Task details –
Every line below between the one holding "line L5 (0, -4.4) -> (0, 4.4) construction" and the one holding "arc A4 (-3.3905, 12.6536)", inclusive, should be copied exactly, and no other line.

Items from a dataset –

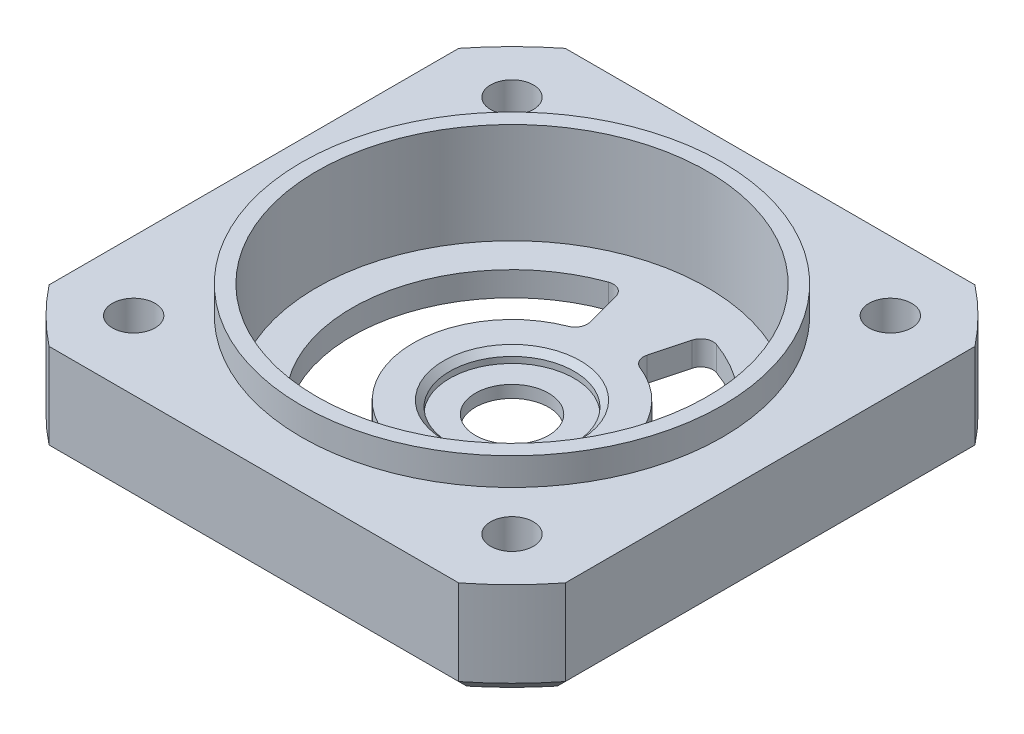
SolidWorks part; units mm, degrees
ref_plane "Front Plane" through (0, 0, 0) normal (0, 0, 1) x (1, 0, 0)
ref_plane "Top Plane" through (0, 0, 0) normal (0, 1, 0) x (1, 0, 0)
ref_plane "Right Plane" through (0, 0, 0) normal (1, 0, 0) x (0, 0, -1)
sketch "Sketch2" plane through (0, 0, 0) normal (0, 1, 0) x (1, 0, 0)
  line L1 (-21.15, 21.15) -> (21.15, 21.15)
  line L2 (-21.15, 21.15) -> (-21.15, -21.15)
  line L3 (-21.15, -21.15) -> (21.15, -21.15)
  line L4 (21.15, 21.15) -> (21.15, -21.15)
  line L5 (-21.15, 21.15) -> (21.15, -21.15) construction
  line L6 (-21.15, -21.15) -> (21.15, 21.15) construction
  point P0 (0, 0)
  dimension "D1" = 42.3
extrude "Boss-Extrude1" add sketch "Sketch2" along normal blind 8
sketch "Sketch5" plane through (0, 8, 0) normal (0, 1, 0) x (1, 0, 0)
  circle A0 centre (0, 0) radius 27
  circle A1 centre (0, 0) radius 29.9106
  dimension "D1" = 54
extrude "Cut-Extrude4" cut sketch "Sketch5" against normal through all
sketch "Sketch6" plane through (0, 8, 0) normal (0, 1, 0) x (1, 0, 0)
  circle A2 centre (0, 0) radius 16
  circle A3 centre (0, 0) radius 10 construction
  dimension "D1" = 32
  dimension "D5" = 20
extrude "Cut-Extrude7" cut sketch "Sketch6" against normal offset from surface (7 mm away) 1 up to face at (0, 0, 0)
sketch "Sketch8" plane through (0, 1, 0) normal (0, 1, 0) x (1, 0, 0)
  circle A0 centre (0, 0) radius 5.1
  circle A2 centre (0, 0) radius 16
  circle A3 centre (0, 0) radius 16
  dimension "D1" = 10.2
  dimension "D2" = 0
extrude "Boss-Extrude3" add sketch "Sketch8" along normal blind 1
sketch "Sketch9" plane through (0, 2, 0) normal (0, 1, 0) x (1, 0, 0)
  line L0 (3.3905, 12.6536) -> (2.0964, 7.824)
  line L1 (3.3905, -12.6536) -> (2.0964, -7.824)
  line L2 (2.0964, -7.824) -> (0, 0) construction
  line L3 (2.0964, 7.824) -> (0, 0) construction
  line L4 (-21.15, 16.7833) -> (-21.15, -16.7833) construction
  line L5 (0, -4.4) -> (0, 4.4) construction
  line L6 (-2.0964, 7.824) -> (0, 0) construction
  line L7 (-2.0964, -7.824) -> (0, 0) construction
  line L8 (-3.3905, -12.6536) -> (-2.0964, -7.824)
  line L9 (-3.3905, 12.6536) -> (-2.0964, 7.824)
  arc A0 (3.3905, 12.6536) -> (3.3905, -12.6536) centre (0, 0) cw
  circle A1 centre (0, 0) radius 5.1 construction
  arc A2 (2.0964, 7.824) -> (2.0964, -7.824) centre (0, 0) cw
  arc A3 (-2.0964, 7.824) -> (-2.0964, -7.824) centre (0, 0) ccw
  arc A4 (-3.3905, 12.6536) -> (-3.3905, -12.6536) centre (0, 0) ccw
  dimension "D1" = 15
  dimension "D4" = 3
  dimension "D2" = 15
  dimension "D3" = 5
extrude "Cut-Extrude8" cut sketch "Sketch9" against normal through all
fillet "Fillet1" radius 1 8 edges at (-3.3905, 1, 12.6536) (-2.0964, 1, -7.824) (-2.0964, 1, 7.824) (-3.3905, 1, -12.6536) (2.0964, 1, 7.824) (2.0964, 1, -7.824) (3.3905, 1, 12.6536) (3.3905, 1, -12.6536)
sketch "Sketch10" plane through (0, 1, 0) normal (0, 1, 0) x (1, 0, 0)
  circle A0 centre (0, 0) radius 3
  dimension "D1" = 6
extrude "Cut-Extrude9" cut sketch "Sketch10" against normal through all
sketch "Sketch7" plane through (0, 8, 0) normal (0, 1, 0) x (1, 0, 0)
  line L1 (-15.5, 15.5) -> (15.5, 15.5) construction
  line L2 (-15.5, 15.5) -> (-15.5, -15.5) construction
  line L3 (-15.5, -15.5) -> (15.5, -15.5) construction
  line L4 (15.5, 15.5) -> (15.5, -15.5) construction
  line L5 (-15.5, 15.5) -> (15.5, -15.5) construction
  line L6 (-15.5, -15.5) -> (15.5, 15.5) construction
  circle A0 centre (-15.5, 15.5) radius 1.75
  circle A1 centre (15.5, 15.5) radius 1.75
  circle A2 centre (15.5, -15.5) radius 1.75
  circle A3 centre (-15.5, -15.5) radius 1.75
  point P0 (0, 0)
  point P16 (0, 0)
  dimension "D3" = 3.5
  dimension "D1" = 31
  dimension "D2" = 31
  dimension "D4" = 4
extrude "Cut-Extrude6" cut sketch "Sketch7" against normal through all
chamfer "Chamfer4" distance 1 angle 45 8 edges at (19.0919, 0, 19.0919) (0, 0, 21.15) (-19.0919, 0, 19.0919) (-21.15, 0, 0) (-19.0919, 0, -19.0919) (0, 0, -21.15) (19.0919, 0, -19.0919) (21.15, 0, 0)
chamfer "Chamfer5" distance 2 angle 45 4 edges at (-15.5, 0, -13.75) (15.5, 0, -13.75) (15.5, 0, 17.25) (-15.5, 0, 17.25)
chamfer "Chamfer6" distance 0.5 angle 45 1 edges at (0, 2, 5.1)
sketch "Sketch11" plane through (0, 8, 0) normal (0, 1, 0) x (1, 0, 0)
  circle A1 centre (0, 0) radius 16 construction
  circle A2 centre (0, 0) radius 16
  circle A3 centre (0, 0) radius 17.25
  point P0 (16.5814, -3.9464)
  dimension "D1" = 1.25
extrude "Boss-Extrude4" add sketch "Sketch11" along normal blind 2.25

Answer for this exercise –
  line L5 (0, -4.4) -> (0, 4.4) construction
  line L6 (-2.0964, 7.824) -> (0, 0) construction
  line L7 (-2.0964, -7.824) -> (0, 0) construction
  line L8 (-3.3905, -12.6536) -> (-2.0964, -7.824)
  line L9 (-3.3905, 12.6536) -> (-2.0964, 7.824)
  arc A0 (3.3905, 12.6536) -> (3.3905, -12.6536) centre (0, 0) cw
  circle A1 centre (0, 0) radius 5.1 construction
  arc A2 (2.0964, 7.824) -> (2.0964, -7.824) centre (0, 0) cw
  arc A3 (-2.0964, 7.824) -> (-2.0964, -7.824) centre (0, 0) ccw
  arc A4 (-3.3905, 12.6536) -> (-3.3905, -12.6536) centre (0, 0) ccw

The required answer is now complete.